Cuando el invierno avanza y el aire se vuelve fresco, la cocina pugliese se llena de aromas cálidos y envolventes, y entre las recetas que mejor representan esta temporada está la pasta y garbanzos. Este plato, de sabor rústico y genuino, se compone de garbanzos tiernos que, tras una larga cocción, se amalgaman perfectamente con una pasta delgada, creando una sopa densa y reconfortante. La preparación comienza con la elección de garbanzos de alta calidad, que deben ser puestos en remojo la noche anterior, un paso fundamental para garantizar una cocción uniforme y una consistencia cremosa. La tradición sugiere utilizar una olla de barro, que permite una cocción lenta y homogénea, realzando así el sabor de los ingredientes, como el apio y el ajo, que aportan frescura y aromaticidad al plato. La pasta y garbanzos tiene raíces profundas en la tradición culinaria pugliese, donde cada familia tiene su variante; algunos añaden un toque de guindilla para un toque picante, otros prefieren un chorrito de aceite de oliva virgen extra en crudo para realzar los sabores. Este plato no es solo un alimento reconfortante, sino que también representa una excelente elección para un almuerzo familiar en domingo, quizás acompañado de un buen pan casero, ideal para mojar en el rico caldo. Su simplicidad y su capacidad de calentar el cuerpo y el espíritu lo hacen perfecto también para las noches más frías, cuando nos reunimos alrededor de la mesa para compartir un momento de calidez y convivencia. La pasta y garbanzos es, por tanto, no solo un plato, sino un verdadero símbolo de una cocina que sabe a hogar, a tradición y a sabores auténticos.

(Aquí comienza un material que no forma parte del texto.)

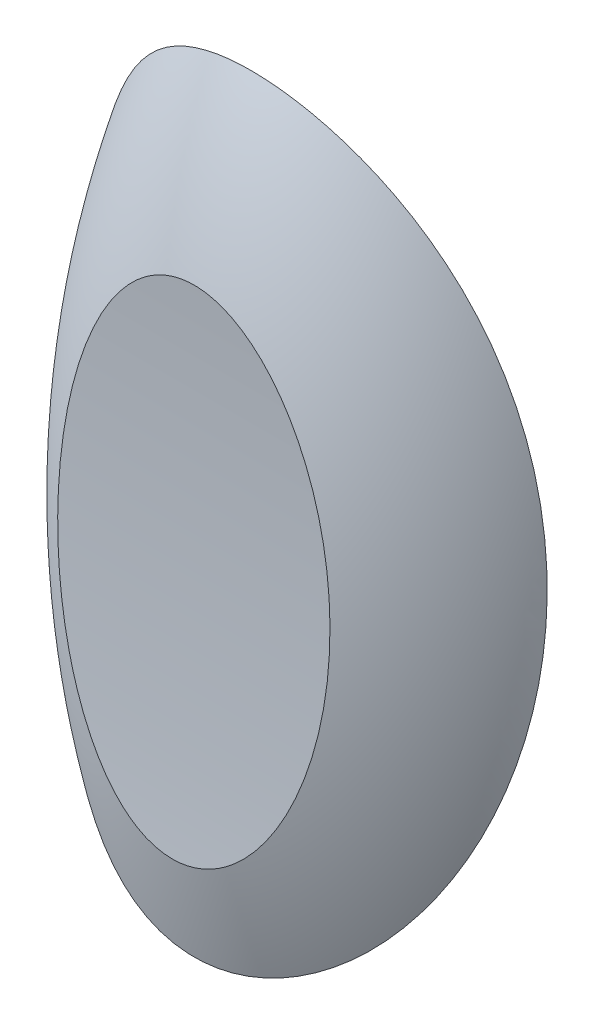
ISO-10303-21;
HEADER;
FILE_DESCRIPTION(('STEP AP214'),'2;1');
FILE_NAME('part.step','',(''),(''),'','','');
FILE_SCHEMA(('AUTOMOTIVE_DESIGN { 1 0 10303 214 1 1 1 1 }'));
ENDSEC;
DATA;
#1=APPLICATION_CONTEXT('core data for automotive mechanical design processes');
#2=APPLICATION_PROTOCOL_DEFINITION('international standard','automotive_design',2000,#1);
#3=PRODUCT_CONTEXT('',#1,'mechanical');
#4=PRODUCT('Part','Part','',(#3));
#5=PRODUCT_RELATED_PRODUCT_CATEGORY('part','',(#4));
#6=PRODUCT_DEFINITION_FORMATION('','',#4);
#7=PRODUCT_DEFINITION_CONTEXT('part definition',#1,'design');
#8=PRODUCT_DEFINITION('design','',#6,#7);
#9=PRODUCT_DEFINITION_SHAPE('','',#8);
#10=(LENGTH_UNIT() NAMED_UNIT(*) SI_UNIT(.MILLI.,.METRE.));
#11=(NAMED_UNIT(*) PLANE_ANGLE_UNIT() SI_UNIT($,.RADIAN.));
#12=(NAMED_UNIT(*) SI_UNIT($,.STERADIAN.) SOLID_ANGLE_UNIT());
#13=UNCERTAINTY_MEASURE_WITH_UNIT(LENGTH_MEASURE(1.E-05),#10,'distance_accuracy_value','');
#14=(GEOMETRIC_REPRESENTATION_CONTEXT(3) GLOBAL_UNCERTAINTY_ASSIGNED_CONTEXT((#13)) GLOBAL_UNIT_ASSIGNED_CONTEXT((#10,
#11,#12)) REPRESENTATION_CONTEXT('',''));
#15=CARTESIAN_POINT('',(0.,0.,0.));
#16=DIRECTION('',(0.,0.,1.));
#17=DIRECTION('',(1.,0.,0.));
#18=AXIS2_PLACEMENT_3D('',#15,#16,#17);
#19=CARTESIAN_POINT('',(-19.0366667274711,51.0993200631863,67.4577213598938));
#20=DIRECTION('',(1.,0.,0.));
#21=DIRECTION('',(0.,0.,-1.));
#22=AXIS2_PLACEMENT_3D('',#19,#20,#21);
#23=CYLINDRICAL_SURFACE('',#22,60.);
#24=CARTESIAN_POINT('',(-11.6934335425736,25.8126324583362,13.046477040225));
#25=CARTESIAN_POINT('',(-12.062273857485,26.2658681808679,12.8358440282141));
#26=CARTESIAN_POINT('',(-12.409221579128,26.7363365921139,12.6241140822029));
#27=CARTESIAN_POINT('',(-13.0613865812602,27.7066454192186,12.2031952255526));
#28=CARTESIAN_POINT('',(-13.3665832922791,28.2065001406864,11.9940076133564));
#29=CARTESIAN_POINT('',(-13.9380299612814,29.2322015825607,11.5816492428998));
#30=CARTESIAN_POINT('',(-14.2041761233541,29.7581127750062,11.3784956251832));
#31=CARTESIAN_POINT('',(-14.6988394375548,30.8307604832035,10.9819503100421));
#32=CARTESIAN_POINT('',(-14.9273571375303,31.3774966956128,10.7885584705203));
#33=CARTESIAN_POINT('',(-15.4362778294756,32.71841938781,10.3365475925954));
#34=CARTESIAN_POINT('',(-15.6990379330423,33.5214070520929,10.0840409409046));
#35=CARTESIAN_POINT('',(-16.1595922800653,35.1544812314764,9.60889916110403));
#36=CARTESIAN_POINT('',(-16.3573617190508,35.9845779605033,9.38627545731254));
#37=CARTESIAN_POINT('',(-16.6927608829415,37.6650736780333,8.97465102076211));
#38=CARTESIAN_POINT('',(-16.8303808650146,38.5154759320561,8.78565573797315));
#39=CARTESIAN_POINT('',(-17.049436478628,40.230494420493,8.44388179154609));
#40=CARTESIAN_POINT('',(-17.1308776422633,41.0951092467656,8.29109956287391));
#41=CARTESIAN_POINT('',(-17.2417676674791,42.8493253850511,8.02086833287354));
#42=CARTESIAN_POINT('',(-17.270240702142,43.7390947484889,7.90411493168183));
#43=CARTESIAN_POINT('',(-17.2746929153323,45.5230927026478,7.71066478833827));
#44=CARTESIAN_POINT('',(-17.2506707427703,46.4173214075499,7.6339690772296));
#45=CARTESIAN_POINT('',(-17.1516729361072,48.2062708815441,7.52080125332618));
#46=CARTESIAN_POINT('',(-17.0766515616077,49.1009913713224,7.48436532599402));
#47=CARTESIAN_POINT('',(-16.8763097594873,50.8856237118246,7.45146685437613));
#48=CARTESIAN_POINT('',(-16.7509876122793,51.7755353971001,7.45500567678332));
#49=CARTESIAN_POINT('',(-16.5132291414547,53.1731610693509,7.49137668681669));
#50=CARTESIAN_POINT('',(-16.4175536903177,53.6841561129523,7.5112583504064));
#51=CARTESIAN_POINT('',(-16.2090623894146,54.7019637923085,7.56381098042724));
#52=CARTESIAN_POINT('',(-16.0962478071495,55.208776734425,7.59648100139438));
#53=CARTESIAN_POINT('',(-15.8531271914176,56.2174354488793,7.67427143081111));
#54=CARTESIAN_POINT('',(-15.7228142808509,56.7192791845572,7.71939674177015));
#55=CARTESIAN_POINT('',(-15.4442963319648,57.7167393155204,7.82164934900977));
#56=CARTESIAN_POINT('',(-15.2960916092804,58.2123558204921,7.87877643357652));
#57=CARTESIAN_POINT('',(-14.981455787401,59.1954625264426,8.00439797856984));
#58=CARTESIAN_POINT('',(-14.815053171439,59.6829640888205,8.07287475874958));
#59=CARTESIAN_POINT('',(-14.4630988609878,60.6493850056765,8.22061131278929));
#60=CARTESIAN_POINT('',(-14.2775462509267,61.1283039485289,8.29987160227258));
#61=CARTESIAN_POINT('',(-13.8865268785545,62.075802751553,8.46833088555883));
#62=CARTESIAN_POINT('',(-13.6810732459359,62.5443891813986,8.55752333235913));
#63=CARTESIAN_POINT('',(-13.2491000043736,63.4698316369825,8.74491791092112));
#64=CARTESIAN_POINT('',(-13.0225838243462,63.9266895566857,8.8431185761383));
#65=CARTESIAN_POINT('',(-12.5327474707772,64.8541362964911,9.05357275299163));
#66=CARTESIAN_POINT('',(-12.2680285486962,65.323878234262,9.16631730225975));
#67=CARTESIAN_POINT('',(-11.7116185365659,66.2453022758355,9.39891545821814));
#68=CARTESIAN_POINT('',(-11.4199293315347,66.6969856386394,9.5187685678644));
#69=CARTESIAN_POINT('',(-10.8077719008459,67.5784858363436,9.76330141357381));
#70=CARTESIAN_POINT('',(-10.4873301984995,68.0083222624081,9.88797664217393));
#71=CARTESIAN_POINT('',(-9.81519566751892,68.8421906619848,10.1394871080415));
#72=CARTESIAN_POINT('',(-9.46351057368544,69.2462289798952,10.2663218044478));
#73=CARTESIAN_POINT('',(-8.82014257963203,69.9243409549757,10.4865743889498));
#74=CARTESIAN_POINT('',(-8.53589213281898,70.2053690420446,10.580301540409));
#75=CARTESIAN_POINT('',(-7.94777434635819,70.7471510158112,10.7651768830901));
#76=CARTESIAN_POINT('',(-7.64390673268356,71.007904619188,10.8563250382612));
#77=CARTESIAN_POINT('',(-7.01633685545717,71.5053692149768,11.033765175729));
#78=CARTESIAN_POINT('',(-6.69266063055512,71.7421107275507,11.1200632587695));
#79=CARTESIAN_POINT('',(-6.02497395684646,72.1878621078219,11.2853982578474));
#80=CARTESIAN_POINT('',(-5.68097043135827,72.3968813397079,11.3644376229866));
#81=CARTESIAN_POINT('',(-5.06618502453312,72.7319684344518,11.492984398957));
#82=CARTESIAN_POINT('',(-4.79989281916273,72.8654067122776,11.5447969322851));
#83=CARTESIAN_POINT('',(-4.25723260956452,73.1127474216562,11.6417142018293));
#84=CARTESIAN_POINT('',(-3.98086737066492,73.2266551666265,11.6868207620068));
#85=CARTESIAN_POINT('',(-3.41924030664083,73.432911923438,11.7690957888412));
#86=CARTESIAN_POINT('',(-3.13398481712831,73.5252759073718,11.8062697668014));
#87=CARTESIAN_POINT('',(-2.55589911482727,73.6866893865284,11.8715868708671));
#88=CARTESIAN_POINT('',(-2.26306886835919,73.7557387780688,11.8997299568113));
#89=CARTESIAN_POINT('',(-1.66956948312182,73.8693844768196,11.9462091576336));
#90=CARTESIAN_POINT('',(-1.36885757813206,73.9137901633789,11.9644687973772));
#91=CARTESIAN_POINT('',(-0.764231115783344,73.976214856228,11.990173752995));
#92=CARTESIAN_POINT('',(-0.460316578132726,73.9942340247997,11.9976191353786));
#93=CARTESIAN_POINT('',(0.147946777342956,74.0034097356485,12.0014079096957));
#94=CARTESIAN_POINT('',(0.452295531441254,73.9945698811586,11.9977527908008));
#95=CARTESIAN_POINT('',(1.05869793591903,73.9502682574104,11.9794847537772));
#96=CARTESIAN_POINT('',(1.36075169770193,73.914807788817,11.9648723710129));
#97=CARTESIAN_POINT('',(1.92803208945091,73.8233419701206,11.9273606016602));
#98=CARTESIAN_POINT('',(2.19375282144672,73.7699289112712,11.9055103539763));
#99=CARTESIAN_POINT('',(2.71971903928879,73.6436244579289,11.8541335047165));
#100=CARTESIAN_POINT('',(2.97996511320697,73.5707351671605,11.8246077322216));
#101=CARTESIAN_POINT('',(3.49378581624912,73.4067200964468,11.7586396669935));
#102=CARTESIAN_POINT('',(3.74735892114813,73.3155901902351,11.7221958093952));
#103=CARTESIAN_POINT('',(4.24685957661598,73.1164969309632,11.6432484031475));
#104=CARTESIAN_POINT('',(4.49278528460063,73.0085295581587,11.6007434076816));
#105=CARTESIAN_POINT('',(5.08815287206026,72.723689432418,11.4896986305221));
#106=CARTESIAN_POINT('',(5.43286957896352,72.5380419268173,11.4182094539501));
#107=CARTESIAN_POINT('',(6.10339589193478,72.13820921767,11.2668783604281));
#108=CARTESIAN_POINT('',(6.42919775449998,71.9240124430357,11.1870330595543));
#109=CARTESIAN_POINT('',(7.06226099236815,71.4706496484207,11.0213212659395));
#110=CARTESIAN_POINT('',(7.36948383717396,71.231434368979,10.9354430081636));
#111=CARTESIAN_POINT('',(7.96500648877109,70.7318974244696,10.759995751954));
#112=CARTESIAN_POINT('',(8.25330619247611,70.4715756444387,10.6704267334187));
#113=CARTESIAN_POINT('',(8.96742716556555,69.782503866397,10.4390044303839));
#114=CARTESIAN_POINT('',(9.38032078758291,69.3407585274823,10.2958388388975));
#115=CARTESIAN_POINT('',(10.1652957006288,68.4219924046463,10.0107297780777));
#116=CARTESIAN_POINT('',(10.5373541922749,67.9449521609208,9.86878703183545));
#117=CARTESIAN_POINT('',(11.244454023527,66.9615624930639,9.59019227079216));
#118=CARTESIAN_POINT('',(11.5794309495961,66.455164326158,9.45354972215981));
#119=CARTESIAN_POINT('',(12.2146666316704,65.4189771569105,9.18909042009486));
#120=CARTESIAN_POINT('',(12.514927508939,64.8891895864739,9.06127312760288));
#121=CARTESIAN_POINT('',(13.0136906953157,63.9424773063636,8.84690431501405));
#122=CARTESIAN_POINT('',(13.219098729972,63.5297080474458,8.75791583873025));
#123=CARTESIAN_POINT('',(13.6126119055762,62.6944754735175,8.58723614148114));
#124=CARTESIAN_POINT('',(13.8007153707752,62.2720112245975,8.50554562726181));
#125=CARTESIAN_POINT('',(14.1604711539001,61.4185378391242,8.35017555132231));
#126=CARTESIAN_POINT('',(14.3321180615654,60.9875259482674,8.27649862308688));
#127=CARTESIAN_POINT('',(14.6596031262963,60.1181254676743,8.13778408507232));
#128=CARTESIAN_POINT('',(14.8154396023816,59.6797360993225,8.07274739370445));
#129=CARTESIAN_POINT('',(15.1118797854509,58.7965332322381,7.95182609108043));
#130=CARTESIAN_POINT('',(15.252481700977,58.351718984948,7.89594255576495));
#131=CARTESIAN_POINT('',(15.5189015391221,57.4565831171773,7.79376007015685));
#132=CARTESIAN_POINT('',(15.6447181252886,57.0062610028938,7.74746198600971));
#133=CARTESIAN_POINT('',(16.0005050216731,55.6484800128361,7.62353064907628));
#134=CARTESIAN_POINT('',(16.2089234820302,54.7338726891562,7.56081419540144));
#135=CARTESIAN_POINT('',(16.5747423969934,52.868272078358,7.47634557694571));
#136=CARTESIAN_POINT('',(16.7306927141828,51.9169479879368,7.45568856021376));
#137=CARTESIAN_POINT('',(16.9847688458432,50.006636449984,7.46006939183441));
#138=CARTESIAN_POINT('',(17.082892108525,49.0476486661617,7.48510925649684));
#139=CARTESIAN_POINT('',(17.2208364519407,47.1269237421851,7.58163464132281));
#140=CARTESIAN_POINT('',(17.2606026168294,46.1651848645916,7.65316381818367));
#141=CARTESIAN_POINT('',(17.2799602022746,44.2455073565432,7.842664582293));
#142=CARTESIAN_POINT('',(17.2595510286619,43.2875687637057,7.96063662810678));
#143=CARTESIAN_POINT('',(17.1794066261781,41.8170389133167,8.17776078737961));
#144=CARTESIAN_POINT('',(17.1418731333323,41.3007460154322,8.26092544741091));
#145=CARTESIAN_POINT('',(17.047565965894,40.2722311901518,8.44038093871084));
#146=CARTESIAN_POINT('',(16.9907943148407,39.7600088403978,8.53667038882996));
#147=CARTESIAN_POINT('',(16.8572747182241,38.740511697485,8.74204707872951));
#148=CARTESIAN_POINT('',(16.7805177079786,38.2332392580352,8.85114011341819));
#149=CARTESIAN_POINT('',(16.6062319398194,37.2251480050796,9.08157363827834));
#150=CARTESIAN_POINT('',(16.5087061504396,36.7243282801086,9.20291237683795));
#151=CARTESIAN_POINT('',(16.2921870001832,35.7314724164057,9.45693476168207));
#152=CARTESIAN_POINT('',(16.1732412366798,35.2394194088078,9.58959291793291));
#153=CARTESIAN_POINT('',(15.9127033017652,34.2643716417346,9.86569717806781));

* valores aproximados por porción
Poner en remojo los garbanzos la noche anterior en agua tibia y sal, algunos también añaden un puñado de harina; por la mañana escurrirlos, enjuagarlos y cocinarlos a fuego lento, preferiblemente en una olla de barro tapada, con una rama de apio, un diente de ajo, sal y un poco de agua tibia. Los garbanzos necesitan al menos 3 horas de cocción. Mientras tanto, amasar 250 gr de harina con agua hasta obtener una masa tierna pero no blanda; tomar trocitos y estirarlos formando un rollito de un centímetro de grosor, cortarlo en pequeños trozos que se pueden hincar presionando con un dedo sobre un tenedor o sobre un rallador. Así se obtendrán los "cavatelli". Cuando los garbanzos estén cocidos (prestar atención a que haya suficiente agua en la olla) añadir los cavatelli crudos y llevar a ebullición. Servir en una sopera o en la misma olla de barro, añadiendo seis cucharadas de aceite de oliva y abundante pimienta. Esta sopa debe permanecer bastante líquida.